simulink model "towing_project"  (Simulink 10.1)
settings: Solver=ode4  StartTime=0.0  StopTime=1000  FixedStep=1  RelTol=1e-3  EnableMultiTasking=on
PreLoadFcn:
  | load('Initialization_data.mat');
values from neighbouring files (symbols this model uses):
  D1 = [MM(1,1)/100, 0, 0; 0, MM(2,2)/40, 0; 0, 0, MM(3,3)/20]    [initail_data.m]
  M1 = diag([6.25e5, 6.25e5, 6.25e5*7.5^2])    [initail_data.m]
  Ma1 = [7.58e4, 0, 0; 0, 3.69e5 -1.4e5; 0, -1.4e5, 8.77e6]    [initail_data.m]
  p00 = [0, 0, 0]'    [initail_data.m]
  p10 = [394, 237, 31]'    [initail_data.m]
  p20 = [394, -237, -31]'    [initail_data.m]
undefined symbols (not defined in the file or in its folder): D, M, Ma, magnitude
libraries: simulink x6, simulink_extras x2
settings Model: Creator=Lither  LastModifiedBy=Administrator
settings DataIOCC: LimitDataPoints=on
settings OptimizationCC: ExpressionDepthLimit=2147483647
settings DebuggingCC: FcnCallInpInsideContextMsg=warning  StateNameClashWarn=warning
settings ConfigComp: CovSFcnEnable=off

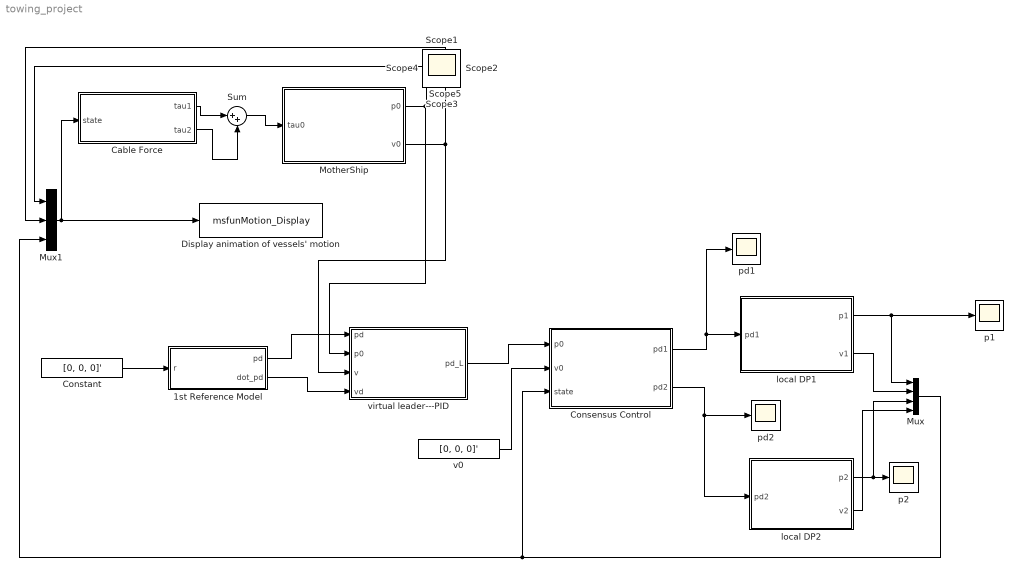
== system towing_project ==
  1st Reference Model : Subsystem  mask{T=200}
      mask prompts: T "Time constant of reference model"
  Cable Force : MATLAB Function  TreatAsAtomicUnit=on
  Consensus Control : MATLAB Function  TreatAsAtomicUnit=on
  Constant : Constant  Value=[0, 0, 0]'
  Display animation of vessels' motion : M-S-Function  FunctionName=msfunMotion_Display  Parameters=p00, p10, p20
  MotherShip : Subsystem  mask{wv=on}
      mask prompts: wv "Display animation of the vessel's motion"
  Mux : Mux
  Mux1 : Mux  Inputs=3
  Sum : Sum  Inputs=|++
  local DP1 : Subsystem
  local DP2 : Subsystem
  p1 : Scope
  p2 : Scope
  pd1 : Scope
  pd2 : Scope
  v0 : Constant  Value=[0, 0, 0]'
  virtual leader---PID : Subsystem  mask{Kp_L=diag([1, 1, 1]), Kd_L=diag([1, 1, 1])*0.1, Ki_L=diag([1, 1, 1])*0.01}
      mask prompts: Kp_L "比例增益：Kp_L"; Kd_L "微分增益：Kd_L"; Ki_L "积分增益：Ki_L"
  Scope{,1..5} (6 alike) : Scope
  wires:
  Consensus Control/1(pd1) -> pd1/1, local DP1/1(pd1)
  local DP1/1(p1) -> p1/1, Mux/1
  local DP1/2(v1) -> Mux/2
  local DP2/1(p2) -> Mux/3, p2/1
  local DP2/2(v2) -> Mux/4
  Mux/1 -> Consensus Control/3(state), Mux1/3
  Consensus Control/2(pd2) -> local DP2/1(pd2), pd2/1
  Mux1/1 -> Display animation of vessels' motion/1, Cable Force/1(state)
  Constant/1 -> 1st Reference Model/1(r)
  MotherShip/1(p0) -> virtual leader---PID/2(p0), Mux1/1
  MotherShip/2(v0) -> Mux1/2, virtual leader---PID/3(v)
  Sum/1 -> MotherShip/1(tau0)
  1st Reference Model/1(pd) -> virtual leader---PID/1(pd)
  1st Reference Model/2(dot_pd) -> virtual leader---PID/4(vd)
  virtual leader---PID/1(pd_L) -> Consensus Control/1(p0)
  v0/1 -> Consensus Control/2(v0)
  Cable Force/1(tau1) -> Sum/1
  Cable Force/2(tau2) -> Sum/2

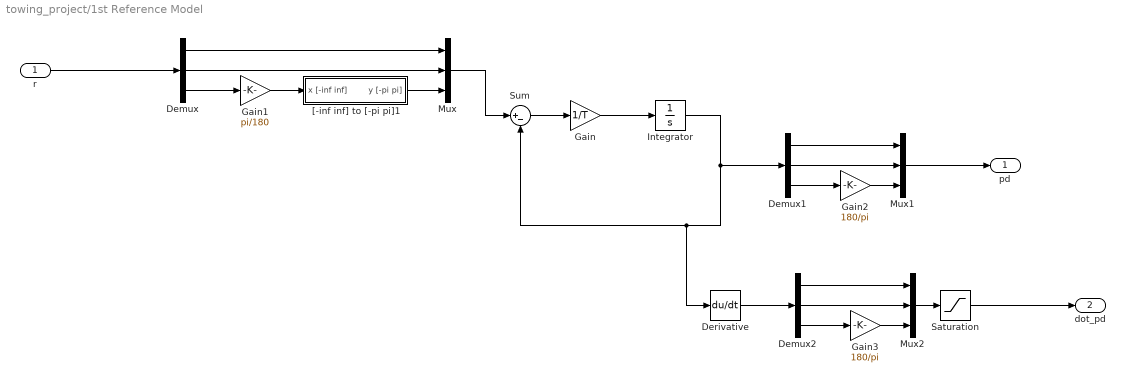
== system towing_project/1st Reference Model ==
  r : Inport
  Demux : Demux  Outputs=3
  Demux1 : Demux  Outputs=3
  Demux2 : Demux  Outputs=3
  Derivative : Derivative
  Gain : Gain  Gain=1/T
  Gain1 : Gain  Gain=pi/180
  Gain2 : Gain  Gain=180/pi
  Gain3 : Gain  Gain=180/pi
  Integrator : Integrator  InitialCondition=p00
  Mux : Mux  Inputs=3
  Mux1 : Mux  Inputs=3
  Mux2 : Mux  Inputs=3
  Saturation : Saturate  UpperLimit=10  LowerLimit=-10
  Sum : Sum  Inputs=|+-
  "[-inf inf] to [-pi pi]1" : Subsystem
  pd : Outport
  dot_pd : Outport  Port=2
  wires:
  Integrator/1 -> Derivative/1, Sum/2, Demux1/1
  Sum/1 -> Gain/1
  Gain/1 -> Integrator/1
  Saturation/1 -> dot_pd/1
  r/1 -> Demux/1
  Demux/3 -> Gain1/1
  Demux/2 -> Mux/2
  Demux/1 -> Mux/1
  Mux/1 -> Sum/1
  Demux1/3 -> Gain2/1
  Gain2/1 -> Mux1/3
  Demux1/2 -> Mux1/2
  Demux1/1 -> Mux1/1
  Mux1/1 -> pd/1
  Demux2/3 -> Gain3/1
  Demux2/2 -> Mux2/2
  Demux2/1 -> Mux2/1
  Gain3/1 -> Mux2/3
  Derivative/1 -> Demux2/1
  Mux2/1 -> Saturation/1
  Gain1/1 -> "[-inf inf] to [-pi pi]1"/1(x [-inf inf])
  "[-inf inf] to [-pi pi]1"/1(y [-pi pi]) -> Mux/3

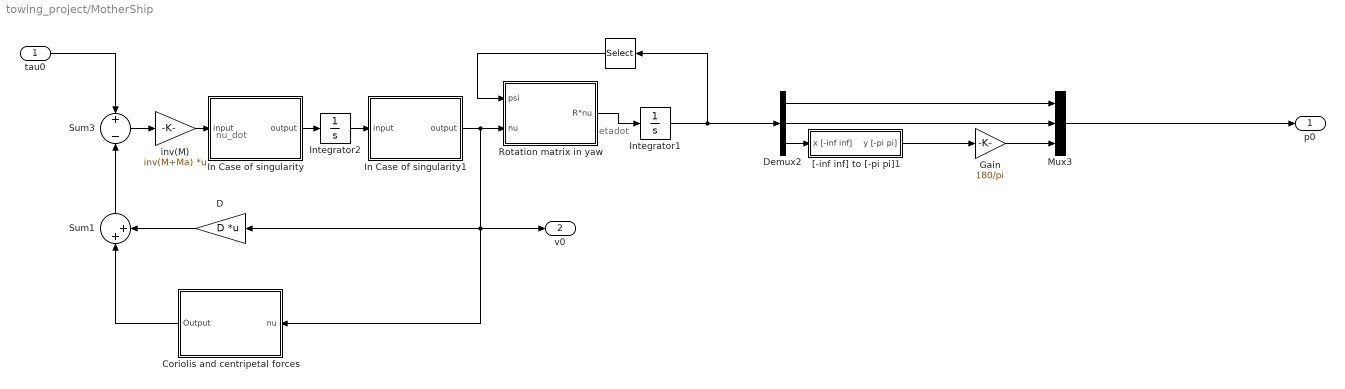
== system towing_project/MotherShip ==
  note: nu_dot
  note: etadot
  tau0 : Inport
  " " : Selector  InputPortWidth=3  IndexOptions=Index vector (dialog)  Indices=[3]  OutputSizes=1
  Coriolis and centripetal forces : Subsystem
  D : Gain  Gain=D  Multiplication=Matrix(K*u)  SaturateOnIntegerOverflow=on  OutDataTypeStr=Inherit: Same as input  ParamDataTypeStr=Inherit: Same as input
  Demux2 : Demux  Outputs=3
  Gain : Gain  Gain=180/pi
  In Case of singularity : Subsystem
  In Case of singularity1 : Subsystem
  Integrator1 : Integrator  InitialCondition=[p00(1), p00(2), p00(3)/180*pi]'
  Integrator2 : Integrator
  Mux3 : Mux  Inputs=3
  Rotation matrix in yaw : Subsystem
  Sum1 : Sum  Inputs=|++  InputSameDT=on  SaturateOnIntegerOverflow=on  OutDataTypeStr=Inherit: Same as first input
  Sum3 : Sum  Inputs=+-  InputSameDT=on  SaturateOnIntegerOverflow=on  OutDataTypeStr=Inherit: Same as first input
  "[-inf inf] to [-pi pi]1" : Subsystem
  inv(M) : Gain  Gain=inv(M+Ma)  Multiplication=Matrix(K*u)  SaturateOnIntegerOverflow=on  OutDataTypeStr=Inherit: Same as input  ParamDataTypeStr=Inherit: Same as input
  p0 : Outport
  v0 : Outport  Port=2
  wires:
  Sum3/1 -> inv(M)/1
  inv(M)/1 -> In Case of singularity/1(input)
  Rotation matrix in yaw/1(R*nu) -> Integrator1/1
  Integrator1/1 -> Demux2/1, " "/1
  " "/1 -> Rotation matrix in yaw/1(psi)
  tau0/1 -> Sum3/1
  Integrator2/1 -> In Case of singularity1/1(input)
  In Case of singularity/1(output) -> Integrator2/1
  In Case of singularity1/1(output) -> Rotation matrix in yaw/2(nu), D/1, Coriolis and centripetal forces/1(nu), v0/1
  D/1 -> Sum1/2
  Coriolis and centripetal forces/1(Output) -> Sum1/1
  Sum1/1 -> Sum3/2
  Demux2/3 -> "[-inf inf] to [-pi pi]1"/1(x [-inf inf])
  Demux2/1 -> Mux3/1
  Demux2/2 -> Mux3/2
  Mux3/1 -> p0/1
  "[-inf inf] to [-pi pi]1"/1(y [-pi pi]) -> Gain/1
  Gain/1 -> Mux3/3

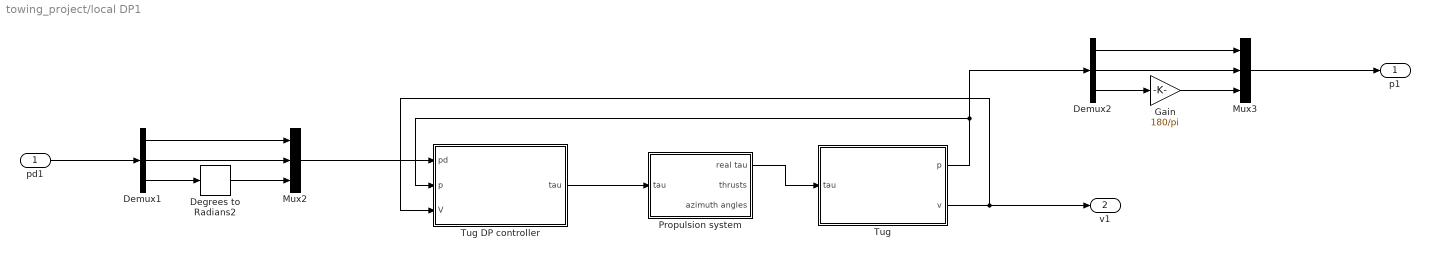
== system towing_project/local DP1 ==
  pd1 : Inport
  Degrees to Radians2 : simulink_extras/Transformations/Degrees to Radians
  Demux1 : Demux  Outputs=3
  Demux2 : Demux  Outputs=3
  Gain : Gain  Gain=180/pi
  Mux2 : Mux  Inputs=3
  Mux3 : Mux  Inputs=3
  Propulsion system : Subsystem  mask{f0=[1;1;1], a0=[50;60;70], u0=[1; 1; 1], wa=on}
      mask prompts: f0 "Initial values of thrusts"; a0 "Initial values of azimuth angles"; u0 "Thruster utilization"; wa "Show animation of thrust and azimuth angle"
  Tug : Subsystem  mask{wv=on}
      mask prompts: wv "Display animation of the vessel's motion"
  Tug DP controller : Subsystem  mask(Nonlinear DP Controller){Kp=diag([0.0028, 0.004, 0.0031]), Kd=diag([0.0573, 0.0716, 0.025]), Ki=diag([0.0028, 0.004, 0.0031])*0.01, WFF_gain=0}
      mask prompts: Kp "Proportional Gain Matrix: Kp"; Kd "Derivative Gain Matrix: Kd"; Ki "Integral Gain Matrix: Ki"; WFF_gain "Wave feedforward Gain"
      mask help: PID controller for Set-Point Reulation in Surge, Sway and Yaw
      mask Help:
      | The nonlinear  PID controller uses the rotation matrix in yaw for proper scaling of the surge, sway and yaw gains as a function of the yaw angle.
      | INPUTS: (1) eta_ref, (2) eta, (3) nu. OUPUTS: (1) tau.
      mask Display: disp('PID controller')
  p1 : Outport
  v1 : Outport  Port=2
  wires:
  Tug/2(v) -> v1/1, Tug DP controller/3(V)
  Tug DP controller/1(tau) -> Propulsion system/1(tau)
  Demux1/2 -> Mux2/2
  Mux2/1 -> Tug DP controller/1(pd)
  Demux1/1 -> Mux2/1
  Degrees to Radians2/1 -> Mux2/3
  Demux1/3 -> Degrees to Radians2/1
  pd1/1 -> Demux1/1
  Propulsion system/1(real tau) -> Tug/1(tau)
  Demux2/2 -> Mux3/2
  Tug/1(p) -> Demux2/1, Tug DP controller/2(p)
  Mux3/1 -> p1/1
  Demux2/3 -> Gain/1
  Gain/1 -> Mux3/3
  Demux2/1 -> Mux3/1

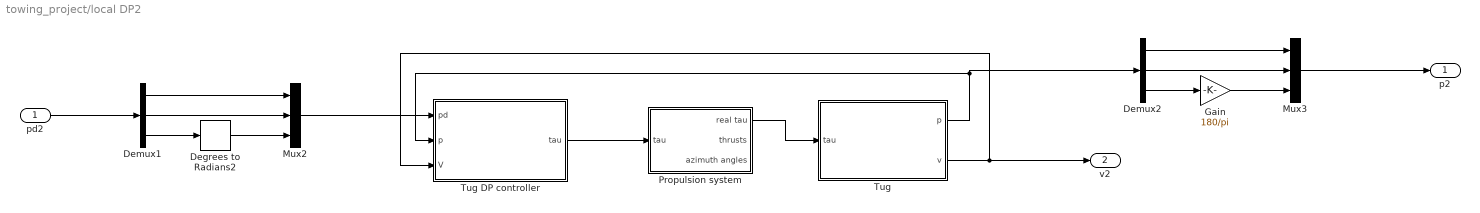
== system towing_project/local DP2 ==
  pd2 : Inport
  Degrees to Radians2 : simulink_extras/Transformations/Degrees to Radians
  Demux1 : Demux  Outputs=3
  Demux2 : Demux  Outputs=3
  Gain : Gain  Gain=180/pi
  Mux2 : Mux  Inputs=3
  Mux3 : Mux  Inputs=3
  Propulsion system : Subsystem  mask{f0=[1;1;1], a0=[50;60;70], u0=[1; 1; 1], wa=on}
      mask prompts: f0 "Initial values of thrusts"; a0 "Initial values of azimuth angles"; u0 "Thruster utilization"; wa "Show animation of thrust and azimuth angle"
  Tug : Subsystem  mask{wv=on}
      mask prompts: wv "Display animation of the vessel's motion"
  Tug DP controller : Subsystem  mask(Nonlinear DP Controller){Kp=diag([0.0028, 0.004, 0.0031]), Kd=diag([0.0573, 0.0716, 0.025]), Ki=diag([0.0028, 0.004, 0.0031])*0.01, WFF_gain=0}
      mask prompts: Kp "Proportional Gain Matrix: Kp"; Kd "Derivative Gain Matrix: Kd"; Ki "Integral Gain Matrix: Ki"; WFF_gain "Wave feedforward Gain"
      mask help: PID controller for Set-Point Reulation in Surge, Sway and Yaw
      mask Help:
      | The nonlinear  PID controller uses the rotation matrix in yaw for proper scaling of the surge, sway and yaw gains as a function of the yaw angle.
      | INPUTS: (1) eta_ref, (2) eta, (3) nu. OUPUTS: (1) tau.
      mask Display: disp('PID controller')
  p2 : Outport
  v2 : Outport  Port=2
  wires:
  Tug/2(v) -> v2/1, Tug DP controller/3(V)
  Tug DP controller/1(tau) -> Propulsion system/1(tau)
  Demux1/2 -> Mux2/2
  Mux2/1 -> Tug DP controller/1(pd)
  Demux1/1 -> Mux2/1
  Degrees to Radians2/1 -> Mux2/3
  Demux1/3 -> Degrees to Radians2/1
  pd2/1 -> Demux1/1
  Propulsion system/1(real tau) -> Tug/1(tau)
  Mux3/1 -> p2/1
  Tug/1(p) -> Demux2/1, Tug DP controller/2(p)
  Demux2/3 -> Gain/1
  Demux2/2 -> Mux3/2
  Gain/1 -> Mux3/3
  Demux2/1 -> Mux3/1

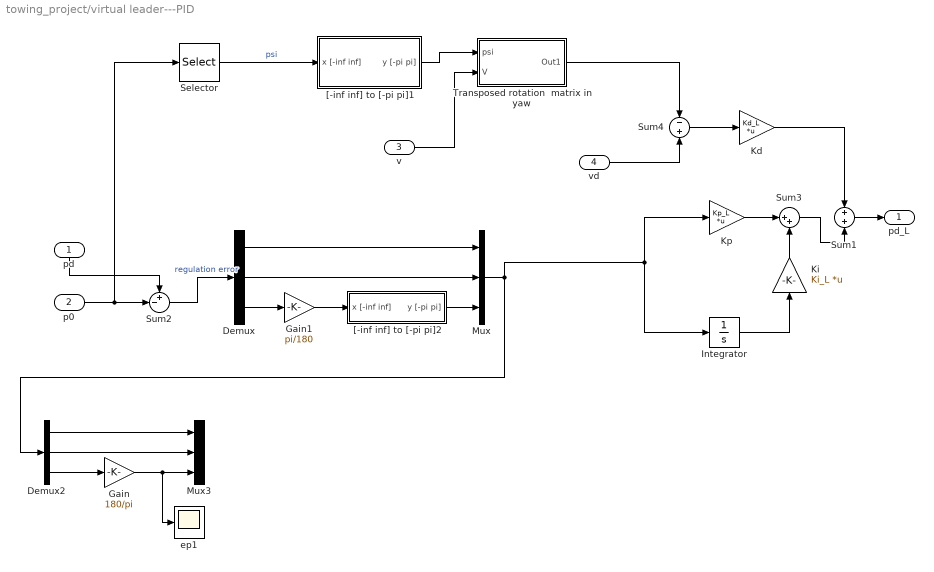
== system towing_project/virtual leader---PID ==
  pd : Inport
  p0 : Inport  Port=2
  v : Inport  Port=3
  vd : Inport  Port=4
  Demux : Demux  Outputs=3
  Demux2 : Demux  Outputs=3
  Gain : Gain  Gain=180/pi
  Gain1 : Gain  Gain=pi/180
  Integrator : Integrator
  Kd : Gain  Gain=Kd_L  Multiplication=Matrix(K*u)  SaturateOnIntegerOverflow=on  OutDataTypeStr=Inherit: Same as input  ParamDataTypeStr=Inherit: Same as input
  Ki : Gain  Gain=Ki_L  Multiplication=Matrix(K*u)  SaturateOnIntegerOverflow=on  OutDataTypeStr=Inherit: Same as input  ParamDataTypeStr=Inherit: Same as input
  Kp : Gain  Gain=Kp_L  Multiplication=Matrix(K*u)  SaturateOnIntegerOverflow=on  OutDataTypeStr=Inherit: Same as input  ParamDataTypeStr=Inherit: Same as input
  Mux : Mux  Inputs=3
  Mux3 : Mux  Inputs=3
  Selector : Selector  InputPortWidth=3  IndexOptions=Index vector (dialog)  Indices=[ 3]  OutputSizes=1
  Sum1 : Sum  InputSameDT=on  SaturateOnIntegerOverflow=on  OutDataTypeStr=Inherit: Same as first input
  Sum2 : Sum  Inputs=+-|  InputSameDT=on  SaturateOnIntegerOverflow=on  OutDataTypeStr=Inherit: Same as first input
  Sum3 : Sum  Inputs=|++  InputSameDT=on  SaturateOnIntegerOverflow=on  OutDataTypeStr=Inherit: Same as first input
  Sum4 : Sum  Inputs=-+  InputSameDT=on  SaturateOnIntegerOverflow=on  OutDataTypeStr=Inherit: Same as first input
  Transposed rotation  matrix in yaw : Subsystem
  "[-inf inf] to [-pi pi]1" : Subsystem
  "[-inf inf] to [-pi pi]2" : Subsystem
  ep1 : Scope
  pd_L : Outport  InitialOutput=0
  wires:
  Gain/1 -> ep1/1, Mux3/3
  Demux2/1 -> Mux3/1
  Kp/1 -> Sum3/1
  "[-inf inf] to [-pi pi]1"/1(y [-pi pi]) -> Transposed rotation  matrix in yaw/1(psi)
  Demux2/3 -> Gain/1
  Demux2/2 -> Mux3/2
  Integrator/1 -> Ki/1
  Sum1/1 -> pd_L/1
  p0/1 -> Sum2/2, Selector/1
  Sum2/1 -> Demux/1  "regulation error"
  pd/1 -> Sum2/1
  Mux/1 -> Demux2/1, Kp/1, Integrator/1
  Demux/1 -> Mux/1
  Selector/1 -> "[-inf inf] to [-pi pi]1"/1(x [-inf inf])  "psi"
  Ki/1 -> Sum3/2
  Demux/2 -> Mux/2
  "[-inf inf] to [-pi pi]2"/1(y [-pi pi]) -> Mux/3
  Demux/3 -> Gain1/1
  Gain1/1 -> "[-inf inf] to [-pi pi]2"/1(x [-inf inf])
  v/1 -> Transposed rotation  matrix in yaw/2(V)
  Sum4/1 -> Kd/1
  Kd/1 -> Sum1/1
  Sum3/1 -> Sum1/2
  Transposed rotation  matrix in yaw/1(Out1) -> Sum4/1
  vd/1 -> Sum4/2

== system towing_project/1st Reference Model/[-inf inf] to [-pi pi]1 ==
§
**Activity**. Once you find the line with "local DP2/2(v2) -> Mux/4" above, print it and every line after it up to and including the line with "Sum/1 -> MotherShip/1(tau0)", exactly as written and nothing else.

**Answer to this problem**.
  local DP2/2(v2) -> Mux/4
  Mux/1 -> Consensus Control/3(state), Mux1/3
  Consensus Control/2(pd2) -> local DP2/1(pd2), pd2/1
  Mux1/1 -> Display animation of vessels' motion/1, Cable Force/1(state)
  Constant/1 -> 1st Reference Model/1(r)
  MotherShip/1(p0) -> virtual leader---PID/2(p0), Mux1/1
  MotherShip/2(v0) -> Mux1/2, virtual leader---PID/3(v)
  Sum/1 -> MotherShip/1(tau0)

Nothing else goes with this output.